[Records from a dataset]

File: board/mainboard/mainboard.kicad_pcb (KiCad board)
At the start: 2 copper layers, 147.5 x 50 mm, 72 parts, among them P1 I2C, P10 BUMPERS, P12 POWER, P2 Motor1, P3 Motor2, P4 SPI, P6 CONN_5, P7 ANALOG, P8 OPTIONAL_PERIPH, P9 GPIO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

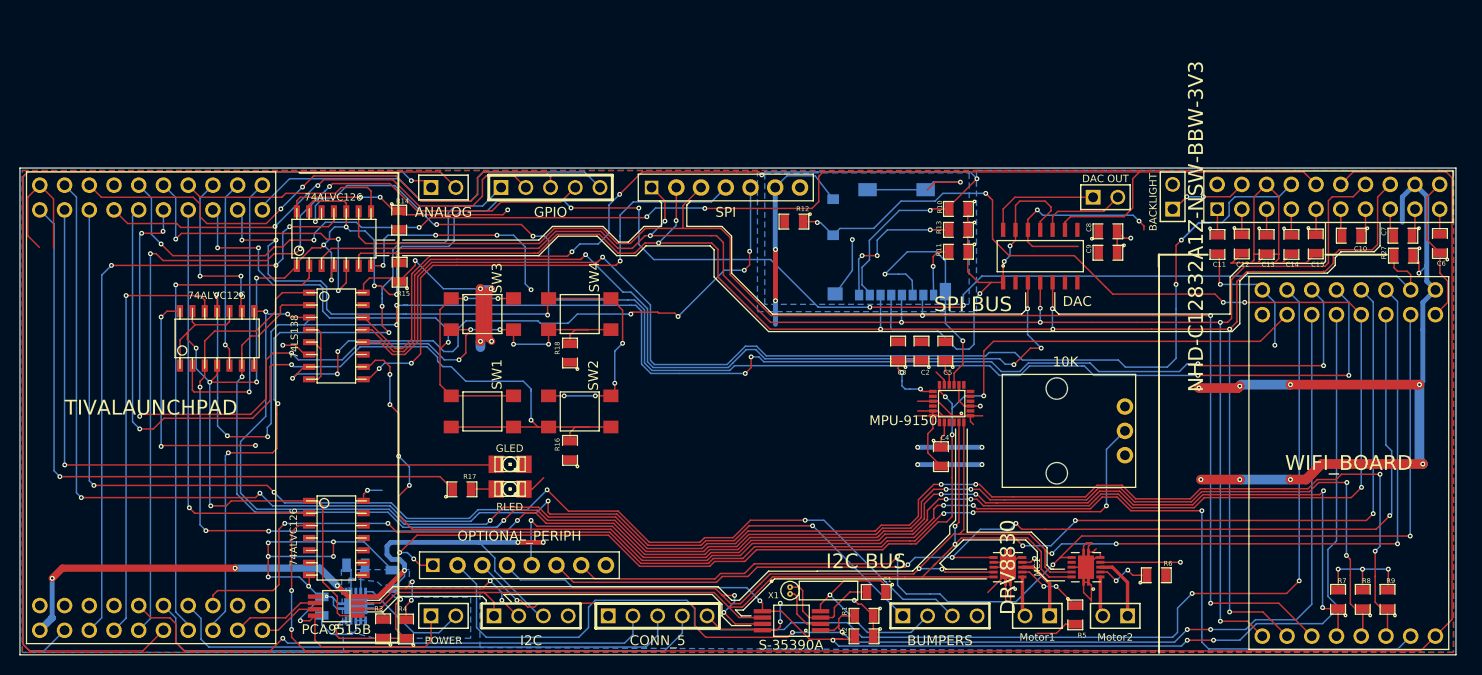
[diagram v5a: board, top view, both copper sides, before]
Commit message: Various changes
* Began Rev2 Layout
* Added Pullup Resistors to LP I2C
* Added IrDA Module
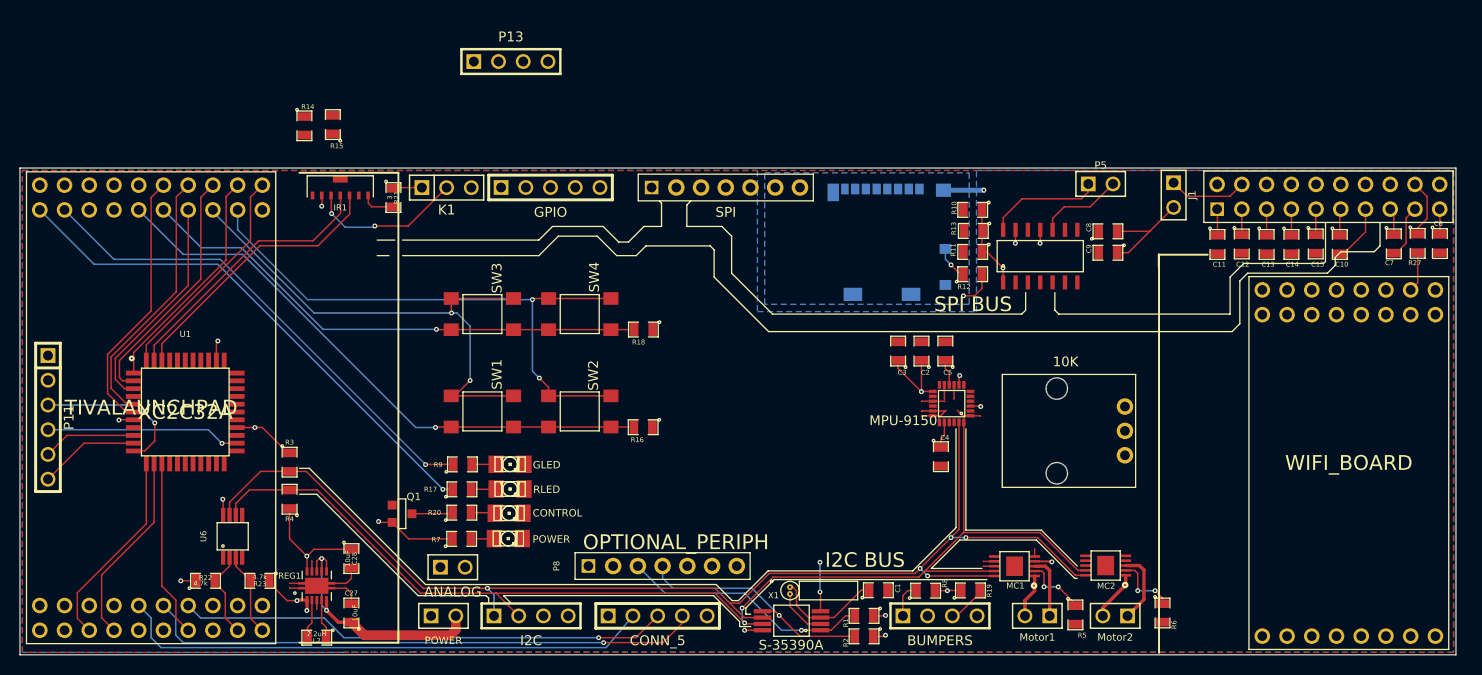
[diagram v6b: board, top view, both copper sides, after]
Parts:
- removed BACKLIGHT: BACKL, PIN_ARRAY_2X1
- removed DAC OUT: DAC, PIN_ARRAY_2X1
- removed U3, U4, U5: 74ALVC126, so-14
- added D3: POWER, LED-1206, F.Cu at (177.7, 148.1)
- added D4: CONTROL, LED-1206, F.Cu at (177.8, 145.5)
- added IR1: RPM841-H11, RPM973-H11, F.Cu at (160.4, 111.9)
- added J1: BACKL, PIN_ARRAY_2X1, F.Cu at (246.0, 112.8)
- added K1: IRDA_EN, PIN_ARRAY_3X1, F.Cu at (171.3, 112.0)
- added P11: CPLD_JTAG, PIN_ARRAY-6X1, F.Cu at (130.4, 135.6)
- added P13: UART, PIN_ARRAY_4x1, F.Cu at (177.9, 99.1)
- added P5: DAC, PIN_ARRAY_2X1, F.Cu at (238.5, 111.6)
- added Q1: BSS84, SOT23GDS, F.Cu at (166.8, 145.5)
- added R19: 47k, SM0805, F.Cu at (225.1, 153.4)
- added R20: 220, SM0805, F.Cu at (172.9, 145.4)
- added R21: 3, SM0805, F.Cu at (165.9, 113.0)
- added R22: 4.7k, SM0805, F.Cu at (146.6, 152.4)
- added R23: 4.7k, SM0805, F.Cu at (152.1, 152.4)
- C27, C28, L2, REG1: moved to F.Cu
- MC1, MC2: footprint DRV8830 -> DRV8830MSOP
- P8: footprint 1x8_Headers -> 1x7_Headers
- R10, R11, R13, R14, R15: value 50k -> 47k
- R17: value 560 -> 220
- R27: value 47K -> 10K
- R7, R9: value 47k -> 220
- U1: value 74LS138 -> XC2C32A; footprint so-16 -> CoolrunnerII
- moved R9 96.0 mm to (172.9, 140.4), turned to 0 degrees
- moved R7 90.2 mm to (172.9, 148.1), turned to 0 degrees
- moved R8 44.9 mm to (220.5, 153.4), turned to 0 degrees
- moved P7 39.0 mm to (172.0, 151.0)
- moved R3 19.6 mm to (155.2, 140.2), turned to 270 degrees
- moved R12 19.1 mm to (225.4, 120.9), turned to 0 degrees
- moved R4 17.9 mm to (155.2, 144.0)
- moved U1 17.4 mm to (144.5, 135.1), turned to 0 degrees
- moved R15 16.6 mm to (159.6, 105.5)
- moved P8 14.7 mm to (193.5, 150.9)
- moved R14 13.7 mm to (156.7, 105.7)
- moved U6 12.8 mm to (149.4, 147.8), turned to 90 degrees
- moved L2 8.45 mm to (158.0, 158.2)
- moved R18 7.92 mm to (191.5, 126.6), turned to 180 degrees
- moved R16 7.88 mm to (191.5, 136.6), turned to 180 degrees
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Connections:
- C1 pad 1: GND -> N-000007
- C1 pad 2: N-000007 -> GND
- C10 pad 1: N-0000040 (its old number) -> N-0000043
- C10 pad 2: N-0000039 (its old number) -> N-0000048
- C6 pad 1: GND -> N-0000031
- C6 pad 2: N-0000028 (its old number) -> GND
- C7 pad 1: N-0000037 -> N-0000044
- C7 pad 2: N-0000042 -> N-0000047
- D1 pad 1: LED2 -> N-0000051
- GLCD1 pad 10: N-0000028 (its old number) -> N-0000031
- GLCD1 pad 6: N-0000039 (its old number) -> N-0000043
- GLCD1 pad 7: N-0000040 (its old number) -> N-0000048
- GLCD1 pad 8: N-0000042 -> N-0000044
- GLCD1 pad 9: N-0000037 -> N-0000047
- R7 pad 1: SPI_SEL0 -> 3V3
- R7 pad 2: GND -> N-0000067
- R8 pad 1: SPI_SEL1 -> BUMP1
- R8 pad 2: GND -> 3V3
- R9 pad 1: SPI_SEL2 -> LED2
- R9 pad 2: GND -> N-0000051
- U1 pad 1: SPI_SEL0 -> SPI_SEL1_LP
- U1 pad 10: SPI_CS5 -> CPLD_TMS
- U1 pad 11: (no net) -> CPLD_TCK
- U1 pad 12: SPI_CS3 -> UART_RX_LP
- U1 pad 13: SPI_CS2 -> UART_TX_LP
- U1 pad 14: SPI_CS1 -> SPI_SCK_LP
- U1 pad 16: 3V3 -> (no net)
- U1 pad 2: SPI_SEL1 -> SPI_SEL2_LP
- U1 pad 3: SPI_SEL2 -> GLCD_A0_LP
- U1 pad 5: GND -> SPI_MISO_LP
- U1 pad 6: 3V3 -> SPI_MOSI_LP
- U1 pad 7: SPI_CS7 -> 3V3
- U1 pad 8: GND -> (no net)
- U1 pad 9: SPI_CS6 -> CPLD_TDI
- U6 pad 6: I2C_CL -> I2C_DA
- U6 pad 7: I2C_DA -> I2C_CL
- WB1 pad 4: SPI_SEL0 -> SPI_SEL0_CC
- WB1 pad 5: SPI_SEL1 -> SPI_SEL1_CC
- WB1 pad 6: SPI_SEL2 -> SPI_SEL2_CC
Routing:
- net GND: track 345.9 -> 40.4 mm, vias 23 -> 4
- net 3V3: track 372.4 -> 91.7 mm, vias 44 -> 21
- net CC_CONTROL: track 234.8 -> 4.13 mm, vias 14 -> 0
- net GLCD_A0: track 191.6 -> 0.00 mm, vias 2 -> 0
- net SPI_MOSI: track 178.8 -> 0.00 mm, vias 7 -> 0
- net SD_SWITCH: track 182.4 -> 3.55 mm, vias 8 -> 1
- net SPI_SCK: track 176.8 -> 0.00 mm, vias 7 -> 0
- net SPI_SEL0: track 172.9 -> 0.00 mm, vias 8 -> 0
- net SPI_SEL2: track 170.7 -> 0.00 mm, vias 7 -> 0
- net SPI_SEL1: track 166.5 -> 0.00 mm, vias 6 -> 0
- net SPI_MISO: track 148.3 -> 0.00 mm, vias 3 -> 0
- net RST: track 144.9 -> 0.00 mm, vias 5 -> 0
- net SPI_CS5: track 144.1 -> 0.00 mm, vias 7 -> 0
- net SPI_CS3: track 134.4 -> 0.00 mm, vias 3 -> 0
- net UART_TX: track 161.2 -> 28.1 mm, vias 9 -> 0
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- removed copper zone on B.Cu, net N-00000115

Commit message: Further work on the rev2 layout
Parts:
- P6: value CONN_5 -> LINE SENSORS
- moved P7 74.3 mm to (235.1, 111.9)
- moved P13 51.8 mm to (176.8, 150.9)
- moved R16 23.3 mm to (168.4, 133.3), turned to 270 degrees
- moved R18 23.2 mm to (168.4, 127.8), turned to 90 degrees
- moved C2 5.01 mm to (218.7, 133.6), turned to 270 degrees
- moved C3 4.91 mm to (216.7, 133.6), turned to 270 degrees
- moved DAC1 4.17 mm to (236.5, 119.0)
- moved C9 4.02 mm to (242.7, 120.8), turned to 270 degrees
- moved D2 3.56 mm to (177.8, 139.4)
- moved D4 3.56 mm to (177.8, 141.9)
- moved R17 3.56 mm to (172.9, 139.4)
- moved R20 3.56 mm to (172.9, 141.8)
- moved R7 3.56 mm to (172.9, 144.5)
- moved R9 3.56 mm to (172.9, 136.9)
- moved D1 3.56 mm to (177.8, 136.9)
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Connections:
- U1 pad 27: SPI_SCK -> SPI_SEL0_CC
- U1 pad 28: SPI_MOSI -> SPI_SEL1_CC
- U1 pad 29: SPI_MISO -> SPI_SEL2_CC
- U1 pad 30: SPI_SEL0_CC -> CC_CONTROL
- U1 pad 31: SPI_SEL1_CC -> SPI_MISO
- U1 pad 32: SPI_SEL2_CC -> SPI_MOSI
- U1 pad 33: CC_CONTROL -> SPI_SCK
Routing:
- net SPI_MOSI: track 0.00 -> 205.6 mm, vias 0 -> 7
- net SPI_SCK: track 0.00 -> 197.7 mm, vias 0 -> 7
- net SPI_MISO: track 0.00 -> 172.3 mm, vias 0 -> 5
- net SPI_CS5: track 0.00 -> 153.4 mm, vias 0 -> 4
- net UART_RX: track 28.4 -> 178.3 mm, vias 0 -> 3
- net UART_TX: track 28.1 -> 176.3 mm, vias 0 -> 3
- net SPI_CS3: track 0.00 -> 136.1 mm, vias 0 -> 5
- net SPI_SEL2_CC: track 0.00 -> 127.9 mm, vias 0 -> 1
- net SPI_SEL1_CC: track 0.00 -> 125.0 mm, vias 0 -> 1
- net SPI_SEL0_CC: track 0.00 -> 122.2 mm, vias 0 -> 1
- net SPI_CS1: track 0.00 -> 111.9 mm, vias 0 -> 5
- net 3V3: track 91.7 -> 200.4 mm, vias 21 -> 35
- net SPI_CS2: track 0.00 -> 104.7 mm, vias 0 -> 4
- net MOTOR1F: track 0.00 -> 95.1 mm, vias 0 -> 3
- net MOTOR2F: track 0.00 -> 86.8 mm, vias 0 -> 1
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
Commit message: Finished draft 1 of Rev 2 layout
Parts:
- removed R10: 47k, SM0805
- added AUD1: LM4808, LM4808, F.Cu at (207.4, 120.0)
- added C16: 1uF, SM0805, F.Cu at (133.9, 144.4)
- added C17: 0.47uF, SM0805, F.Cu at (196.3, 130.9)
- added C18: 680nF, SM0805, F.Cu at (198.5, 135.0)
- added C19: 680nF, SM0805, F.Cu at (192.2, 140.2)
- added C20: 2.2nF, SM0805, F.Cu at (194.2, 140.2)
- added C21: 2.2uF, SM0805, F.Cu at (224.3, 120.1)
- added C22: 2.2uF, SM0805, F.Cu at (224.3, 116.2)
- added C23: 1uF, SM0805, F.Cu at (210.1, 113.2)
- added C24: 1uF, SM0805, F.Cu at (198.4, 130.9)
- added C25: 0.1uF, SM0805, F.Cu at (203.6, 119.9)
- added C26: 100uF, SM0805, F.Cu at (220.6, 118.6)
- added C29: 100uF, SM0805, F.Cu at (213.2, 118.9)
- added HP1: HP_JACK, HeadphoneJack, F.Cu at (216.9, 118.1)
- added MIC1: CMA-4544PF-W, CMA-4544, F.Cu at (205.1, 134.9)
- added P14: AUDIO, PIN_ARRAY_2X1, F.Cu at (229.1, 111.9)
- added P15: MIC, PIN_ARRAY_2X1, F.Cu at (198.1, 140.5)
- added R24: 2.2k, SM0805, F.Cu at (194.3, 130.9)
- added R25: 100k, SM0805, F.Cu at (207.4, 115.2)
- added R26: 100k, SM0805, F.Cu at (208.7, 123.7)
- added R28: 3.9k, SM0805, F.Cu at (226.9, 122.9)
- added R29: 3.9k, SM0805, F.Cu at (224.3, 112.5)
- added R30: 3.9k, SM0805, F.Cu at (220.6, 122.2)
- added R31: 3.9k, SM0805, F.Cu at (212.2, 116.1)
- added R32: 150k, SM0805, F.Cu at (192.3, 134.7)
- added R33: 150k, SM0805, F.Cu at (192.3, 130.9)
- added U2: TLV702, SOT23-5, F.Cu at (135.1, 147.7)
- added U3: MAX9814, MAX9814, F.Cu at (195.6, 135.6)
- P6: value LINE SENSORS -> CONN_5
- R11, R12, R13: moved to B.Cu
- moved R14 44.0 mm to (195.7, 126.0), turned to 90 degrees
- moved R15 39.6 mm to (193.5, 126.0)
- moved R11 21.8 mm to (203.6, 117.2), turned to 0 degrees
- moved C2 7.11 mm to (224.9, 130.2), turned to 0 degrees
- moved R12 5.50 mm to (224.7, 115.4), turned to 90 degrees
- moved C3 2.47 mm to (219.1, 134.1)
- moved R13 1.91 mm to (226.8, 115.4), turned to 90 degrees
- moved C4 1.60 mm to (221.5, 138.2), turned to 180 degrees
- moved X1 1.11 mm to (205.5, 153.4)
- moved RV1 0.98 mm to (234.9, 136.8)
- moved C5 0.90 mm to (221.1, 130.2)
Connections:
- P13 pad 1: 3V3 -> UART_TX
- P13 pad 3: UART_TX -> 3V3
- U1 pad 15: (no net) -> +1.8V
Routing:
- net GND: track 56.3 -> 385.9 mm, vias 6 -> 36
- net 3V3: track 200.4 -> 391.6 mm, vias 35 -> 51
- net CC_CONTROL: track 23.2 -> 170.1 mm, vias 0 -> 5
- net AIN1: track 0.00 -> 133.4 mm, vias 0 -> 5
- net RST: track 24.0 -> 155.1 mm, vias 2 -> 10
- net AIN2: track 0.00 -> 130.9 mm, vias 0 -> 6
- net GLCD_A0: track 54.9 -> 182.2 mm, vias 0 -> 5
- net BUMP2: track 4.04 -> 114.5 mm, vias 0 -> 5
- net BUMP1: track 3.68 -> 113.5 mm, vias 0 -> 6
- net POT: track 0.00 -> 104.8 mm, vias 0 -> 5
- net PA5: track 0.00 -> 72.4 mm, vias 0 -> 7
- net SD_SWITCH: track 86.5 -> 132.3 mm, vias 1 -> 0
- net N-00000129: track 0.00 -> 24.3 mm, vias 0 -> 2
- net N-00000133: track 0.00 -> 21.0 mm
- net I2C_CL: track 159.2 -> 177.9 mm
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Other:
- board text added: "Proxima Rev 2.0"
- board text removed: "Proxima Rev 1.2"

| What is required |
Write down again, exactly as given, only the lines above that fall from the line with "- U1 pad 11: (no net) -> CPLD_TCK" to the line with "- net GND: track 345.9", inclusive.

| Answer section |
- U1 pad 11: (no net) -> CPLD_TCK
- U1 pad 12: SPI_CS3 -> UART_RX_LP
- U1 pad 13: SPI_CS2 -> UART_TX_LP
- U1 pad 14: SPI_CS1 -> SPI_SCK_LP
- U1 pad 16: 3V3 -> (no net)
- U1 pad 2: SPI_SEL1 -> SPI_SEL2_LP
- U1 pad 3: SPI_SEL2 -> GLCD_A0_LP
- U1 pad 5: GND -> SPI_MISO_LP
- U1 pad 6: 3V3 -> SPI_MOSI_LP
- U1 pad 7: SPI_CS7 -> 3V3
- U1 pad 8: GND -> (no net)
- U1 pad 9: SPI_CS6 -> CPLD_TDI
- U6 pad 6: I2C_CL -> I2C_DA
- U6 pad 7: I2C_DA -> I2C_CL
- WB1 pad 4: SPI_SEL0 -> SPI_SEL0_CC
- WB1 pad 5: SPI_SEL1 -> SPI_SEL1_CC
- WB1 pad 6: SPI_SEL2 -> SPI_SEL2_CC
Routing:
- net GND: track 345.9 -> 40.4 mm, vias 23 -> 4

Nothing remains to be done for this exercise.